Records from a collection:
Segment Open
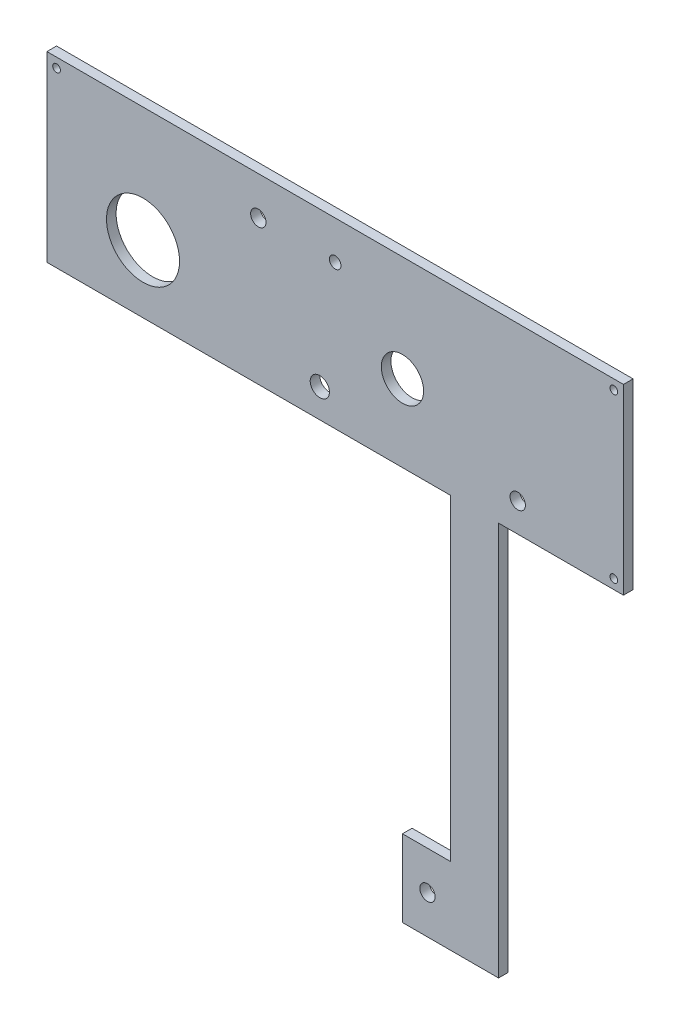
ISO-10303-21;
HEADER;
FILE_DESCRIPTION(('STEP AP214'),'2;1');
FILE_NAME('part.step','',(''),(''),'','','');
FILE_SCHEMA(('AUTOMOTIVE_DESIGN { 1 0 10303 214 1 1 1 1 }'));
ENDSEC;
DATA;
#1=APPLICATION_CONTEXT('core data for automotive mechanical design processes');
#2=APPLICATION_PROTOCOL_DEFINITION('international standard','automotive_design',2000,#1);
#3=PRODUCT_CONTEXT('',#1,'mechanical');
#4=PRODUCT('Part','Part','',(#3));
#5=PRODUCT_RELATED_PRODUCT_CATEGORY('part','',(#4));
#6=PRODUCT_DEFINITION_FORMATION('','',#4);
#7=PRODUCT_DEFINITION_CONTEXT('part definition',#1,'design');
#8=PRODUCT_DEFINITION('design','',#6,#7);
#9=PRODUCT_DEFINITION_SHAPE('','',#8);
#10=(LENGTH_UNIT() NAMED_UNIT(*) SI_UNIT(.MILLI.,.METRE.));
#11=(NAMED_UNIT(*) PLANE_ANGLE_UNIT() SI_UNIT($,.RADIAN.));
#12=(NAMED_UNIT(*) SI_UNIT($,.STERADIAN.) SOLID_ANGLE_UNIT());
#13=UNCERTAINTY_MEASURE_WITH_UNIT(LENGTH_MEASURE(1.E-05),#10,'distance_accuracy_value','');
#14=(GEOMETRIC_REPRESENTATION_CONTEXT(3) GLOBAL_UNCERTAINTY_ASSIGNED_CONTEXT((#13)) GLOBAL_UNIT_ASSIGNED_CONTEXT((#10,
#11,#12)) REPRESENTATION_CONTEXT('',''));
#15=CARTESIAN_POINT('',(0.,0.,0.));
#16=DIRECTION('',(0.,0.,1.));
#17=DIRECTION('',(1.,0.,0.));
#18=AXIS2_PLACEMENT_3D('',#15,#16,#17);
#19=CARTESIAN_POINT('',(105.426271186441,-8.28728813559318,5.));
#20=DIRECTION('',(0.,0.,-1.));
#21=DIRECTION('',(-1.,0.,0.));
#22=AXIS2_PLACEMENT_3D('',#19,#20,#21);
#23=PLANE('',#22);
#24=CARTESIAN_POINT('',(165.426271186441,81.7127118644068,5.));
#25=DIRECTION('',(0.,0.,1.));
#26=DIRECTION('',(1.,0.,0.));
#27=AXIS2_PLACEMENT_3D('',#24,#25,#26);
#28=CIRCLE('',#27,2.);
#29=CARTESIAN_POINT('',(167.426271186441,81.7127118644068,5.));
#30=VERTEX_POINT('',#29);
#31=EDGE_CURVE('E252',#30,#30,#28,.T.);
#32=ORIENTED_EDGE('',*,*,#31,.F.);
#33=EDGE_LOOP('',(#32));
#34=FACE_BOUND('',#33,.T.);
#35=CARTESIAN_POINT('',(12.4262711864407,6.71271186440681,5.));
#36=DIRECTION('',(0.,0.,1.));
#37=DIRECTION('',(1.,0.,0.));
#38=AXIS2_PLACEMENT_3D('',#35,#36,#37);
#39=CIRCLE('',#38,5.);
#40=CARTESIAN_POINT('',(17.4262711864407,6.71271186440681,5.));
#41=VERTEX_POINT('',#40);
#42=EDGE_CURVE('E240',#41,#41,#39,.T.);
#43=ORIENTED_EDGE('',*,*,#42,.F.);
#44=EDGE_LOOP('',(#43));
#45=FACE_BOUND('',#44,.T.);
#46=CARTESIAN_POINT('',(55.4262711864407,31.7127118644068,5.));
#47=DIRECTION('',(0.,0.,1.));
#48=DIRECTION('',(1.,0.,0.));
#49=AXIS2_PLACEMENT_3D('',#46,#47,#48);
#50=CIRCLE('',#49,11.);
#51=CARTESIAN_POINT('',(66.4262711864407,31.7127118644068,5.));
#52=VERTEX_POINT('',#51);
#53=EDGE_CURVE('E228',#52,#52,#50,.T.);
#54=ORIENTED_EDGE('',*,*,#53,.F.);
#55=EDGE_LOOP('',(#54));
#56=FACE_BOUND('',#55,.T.);
#57=CARTESIAN_POINT('',(-124.573728813559,81.7127118644068,5.));
#58=DIRECTION('',(0.,0.,1.));
#59=DIRECTION('',(1.,0.,0.));
#60=AXIS2_PLACEMENT_3D('',#57,#58,#59);
#61=CIRCLE('',#60,2.);
#62=CARTESIAN_POINT('',(-122.573728813559,81.7127118644068,5.));
#63=VERTEX_POINT('',#62);
#64=EDGE_CURVE('E216',#63,#63,#61,.T.);
#65=ORIENTED_EDGE('',*,*,#64,.F.);
#66=EDGE_LOOP('',(#65));
#67=FACE_BOUND('',#66,.T.);
#68=CARTESIAN_POINT('',(68.4262711864407,-193.287288135593,5.));
#69=DIRECTION('',(0.,0.,1.));
#70=DIRECTION('',(1.,0.,0.));
#71=AXIS2_PLACEMENT_3D('',#68,#69,#70);
#72=CIRCLE('',#71,4.00000000000001);
#73=CARTESIAN_POINT('',(72.4262711864408,-193.287288135593,5.));
#74=VERTEX_POINT('',#73);
#75=EDGE_CURVE('E144',#74,#74,#72,.T.);
#76=ORIENTED_EDGE('',*,*,#75,.F.);
#77=EDGE_LOOP('',(#76));
#78=FACE_BOUND('',#77,.T.);
#79=DIRECTION('',(0.,1.,0.));
#80=VECTOR('',#79,1.);
#81=CARTESIAN_POINT('',(105.426271186441,-8.28728813559321,5.));
#82=LINE('',#81,#80);
#83=CARTESIAN_POINT('',(105.426271186441,-213.287288135593,5.));
#84=VERTEX_POINT('',#83);
#85=CARTESIAN_POINT('',(105.426271186441,-8.28728813559321,5.));
#86=VERTEX_POINT('',#85);
#87=EDGE_CURVE('E159',#84,#86,#82,.T.);
#88=ORIENTED_EDGE('',*,*,#87,.T.);
#89=DIRECTION('',(1.,0.,0.));
#90=VECTOR('',#89,1.);
#91=CARTESIAN_POINT('',(170.426271186441,-8.28728813559321,5.));
#92=LINE('',#91,#90);
#93=CARTESIAN_POINT('',(170.426271186441,-8.28728813559321,5.));
#94=VERTEX_POINT('',#93);
#95=EDGE_CURVE('E97',#86,#94,#92,.T.);
#96=ORIENTED_EDGE('',*,*,#95,.T.);
#97=DIRECTION('',(0.,1.,0.));
#98=VECTOR('',#97,1.);
#99=CARTESIAN_POINT('',(170.426271186441,86.7127118644068,5.));
#100=LINE('',#99,#98);
#101=CARTESIAN_POINT('',(170.426271186441,86.7127118644068,5.));
#102=VERTEX_POINT('',#101);
#103=EDGE_CURVE('E180',#94,#102,#100,.T.);
#104=ORIENTED_EDGE('',*,*,#103,.T.);
#105=DIRECTION('',(-1.,0.,0.));
#106=VECTOR('',#105,1.);
#107=CARTESIAN_POINT('',(-129.573728813559,86.7127118644068,5.));
#108=LINE('',#107,#106);
#109=CARTESIAN_POINT('',(-129.573728813559,86.7127118644068,5.));
#110=VERTEX_POINT('',#109);
#111=EDGE_CURVE('E199',#102,#110,#108,.T.);
#112=ORIENTED_EDGE('',*,*,#111,.T.);
#113=DIRECTION('',(0.,-1.,0.));
#114=VECTOR('',#113,1.);
#115=CARTESIAN_POINT('',(-129.573728813559,-8.28728813559321,5.));
#116=LINE('',#115,#114);
#117=CARTESIAN_POINT('',(-129.573728813559,-8.28728813559321,5.));
#118=VERTEX_POINT('',#117);
#119=EDGE_CURVE('E196',#110,#118,#116,.T.);
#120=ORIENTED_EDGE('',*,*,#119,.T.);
Segment Closed
**Work instruction:** Scan the lines above for "#61=CIRCLE('',#60,2.);" and for "#80=VECTOR('',#79,1.);". Repeat exactly the line holding each of them and every line in between.

**Reply:**
#61=CIRCLE('',#60,2.);
#62=CARTESIAN_POINT('',(-122.573728813559,81.7127118644068,5.));
#63=VERTEX_POINT('',#62);
#64=EDGE_CURVE('E216',#63,#63,#61,.T.);
#65=ORIENTED_EDGE('',*,*,#64,.F.);
#66=EDGE_LOOP('',(#65));
#67=FACE_BOUND('',#66,.T.);
#68=CARTESIAN_POINT('',(68.4262711864407,-193.287288135593,5.));
#69=DIRECTION('',(0.,0.,1.));
#70=DIRECTION('',(1.,0.,0.));
#71=AXIS2_PLACEMENT_3D('',#68,#69,#70);
#72=CIRCLE('',#71,4.00000000000001);
#73=CARTESIAN_POINT('',(72.4262711864408,-193.287288135593,5.));
#74=VERTEX_POINT('',#73);
#75=EDGE_CURVE('E144',#74,#74,#72,.T.);
#76=ORIENTED_EDGE('',*,*,#75,.F.);
#77=EDGE_LOOP('',(#76));
#78=FACE_BOUND('',#77,.T.);
#79=DIRECTION('',(0.,1.,0.));
#80=VECTOR('',#79,1.);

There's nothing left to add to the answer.